WHAT TO DO - Among the entries that follow, find every line with the word "normal" and list it.
━━ GIVEN DATA ━━
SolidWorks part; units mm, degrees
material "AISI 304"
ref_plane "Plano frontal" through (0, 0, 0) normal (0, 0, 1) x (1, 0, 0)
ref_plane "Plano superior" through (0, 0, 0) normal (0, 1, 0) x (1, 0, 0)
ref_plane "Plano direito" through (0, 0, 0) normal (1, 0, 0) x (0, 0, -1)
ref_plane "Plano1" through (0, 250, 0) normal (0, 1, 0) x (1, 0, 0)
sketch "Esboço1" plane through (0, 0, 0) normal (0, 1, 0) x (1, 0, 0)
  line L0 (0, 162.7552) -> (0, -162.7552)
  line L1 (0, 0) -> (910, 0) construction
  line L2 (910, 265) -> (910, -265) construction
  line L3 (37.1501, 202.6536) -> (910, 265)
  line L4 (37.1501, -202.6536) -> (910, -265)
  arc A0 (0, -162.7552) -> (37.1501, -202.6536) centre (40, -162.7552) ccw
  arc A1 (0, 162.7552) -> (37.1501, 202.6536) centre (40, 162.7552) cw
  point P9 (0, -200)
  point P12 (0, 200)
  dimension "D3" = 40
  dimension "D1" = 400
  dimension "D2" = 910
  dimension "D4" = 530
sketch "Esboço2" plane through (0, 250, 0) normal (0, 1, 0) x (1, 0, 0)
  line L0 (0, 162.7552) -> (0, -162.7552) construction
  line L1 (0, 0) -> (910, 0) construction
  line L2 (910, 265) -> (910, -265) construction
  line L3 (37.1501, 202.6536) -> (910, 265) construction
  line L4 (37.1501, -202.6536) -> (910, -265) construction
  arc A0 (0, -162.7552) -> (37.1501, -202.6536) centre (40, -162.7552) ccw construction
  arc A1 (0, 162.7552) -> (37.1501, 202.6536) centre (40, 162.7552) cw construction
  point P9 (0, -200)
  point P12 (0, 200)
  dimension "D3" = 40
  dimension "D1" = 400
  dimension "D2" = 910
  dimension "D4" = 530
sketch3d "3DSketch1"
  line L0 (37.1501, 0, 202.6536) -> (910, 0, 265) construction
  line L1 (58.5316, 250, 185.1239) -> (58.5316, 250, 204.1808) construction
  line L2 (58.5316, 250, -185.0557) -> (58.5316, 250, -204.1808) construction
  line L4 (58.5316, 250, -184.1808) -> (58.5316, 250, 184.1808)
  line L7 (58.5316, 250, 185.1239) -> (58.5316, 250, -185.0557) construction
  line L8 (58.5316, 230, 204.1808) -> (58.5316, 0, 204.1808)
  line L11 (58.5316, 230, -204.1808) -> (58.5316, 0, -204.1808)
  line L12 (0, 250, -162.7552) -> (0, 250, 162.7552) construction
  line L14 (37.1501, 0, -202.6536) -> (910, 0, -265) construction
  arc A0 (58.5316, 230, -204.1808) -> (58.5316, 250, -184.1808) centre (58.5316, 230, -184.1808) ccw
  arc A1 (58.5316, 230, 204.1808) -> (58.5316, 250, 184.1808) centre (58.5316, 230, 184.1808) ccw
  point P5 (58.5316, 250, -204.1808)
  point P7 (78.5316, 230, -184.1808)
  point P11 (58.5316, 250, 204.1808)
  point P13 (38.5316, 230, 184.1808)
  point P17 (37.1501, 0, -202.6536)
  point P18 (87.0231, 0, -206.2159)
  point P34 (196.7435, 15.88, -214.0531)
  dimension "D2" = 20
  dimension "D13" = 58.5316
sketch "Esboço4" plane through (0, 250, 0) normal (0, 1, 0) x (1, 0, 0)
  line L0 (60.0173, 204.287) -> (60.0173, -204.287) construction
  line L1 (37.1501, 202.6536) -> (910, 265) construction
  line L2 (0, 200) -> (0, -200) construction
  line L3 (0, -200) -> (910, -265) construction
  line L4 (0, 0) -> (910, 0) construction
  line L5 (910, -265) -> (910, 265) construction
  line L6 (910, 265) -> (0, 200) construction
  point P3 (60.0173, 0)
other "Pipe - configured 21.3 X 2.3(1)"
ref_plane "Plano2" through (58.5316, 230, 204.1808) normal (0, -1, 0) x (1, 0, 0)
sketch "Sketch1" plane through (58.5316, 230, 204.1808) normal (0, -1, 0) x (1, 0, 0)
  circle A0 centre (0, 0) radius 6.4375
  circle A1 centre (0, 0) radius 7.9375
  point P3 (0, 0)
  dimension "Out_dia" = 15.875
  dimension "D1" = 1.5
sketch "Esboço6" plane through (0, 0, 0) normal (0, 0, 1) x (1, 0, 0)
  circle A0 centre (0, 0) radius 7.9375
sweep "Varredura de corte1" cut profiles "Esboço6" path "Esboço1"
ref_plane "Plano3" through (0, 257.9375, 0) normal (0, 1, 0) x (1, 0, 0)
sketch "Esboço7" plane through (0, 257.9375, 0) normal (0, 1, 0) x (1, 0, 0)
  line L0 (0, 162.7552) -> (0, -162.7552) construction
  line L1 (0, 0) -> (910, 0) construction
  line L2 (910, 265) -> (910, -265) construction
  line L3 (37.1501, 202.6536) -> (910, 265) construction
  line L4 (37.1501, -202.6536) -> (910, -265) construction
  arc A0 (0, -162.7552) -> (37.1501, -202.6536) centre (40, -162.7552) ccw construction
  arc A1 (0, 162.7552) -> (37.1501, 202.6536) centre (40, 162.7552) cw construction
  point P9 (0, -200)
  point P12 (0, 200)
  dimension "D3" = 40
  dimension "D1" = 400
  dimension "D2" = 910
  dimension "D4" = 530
━━━
EXPECTED ANSWER -
ref_plane "Plano frontal" through (0, 0, 0) normal (0, 0, 1) x (1, 0, 0)
ref_plane "Plano superior" through (0, 0, 0) normal (0, 1, 0) x (1, 0, 0)
ref_plane "Plano direito" through (0, 0, 0) normal (1, 0, 0) x (0, 0, -1)
ref_plane "Plano1" through (0, 250, 0) normal (0, 1, 0) x (1, 0, 0)
sketch "Esboço1" plane through (0, 0, 0) normal (0, 1, 0) x (1, 0, 0)
sketch "Esboço2" plane through (0, 250, 0) normal (0, 1, 0) x (1, 0, 0)
sketch "Esboço4" plane through (0, 250, 0) normal (0, 1, 0) x (1, 0, 0)
ref_plane "Plano2" through (58.5316, 230, 204.1808) normal (0, -1, 0) x (1, 0, 0)
sketch "Sketch1" plane through (58.5316, 230, 204.1808) normal (0, -1, 0) x (1, 0, 0)
sketch "Esboço6" plane through (0, 0, 0) normal (0, 0, 1) x (1, 0, 0)
ref_plane "Plano3" through (0, 257.9375, 0) normal (0, 1, 0) x (1, 0, 0)
sketch "Esboço7" plane through (0, 257.9375, 0) normal (0, 1, 0) x (1, 0, 0)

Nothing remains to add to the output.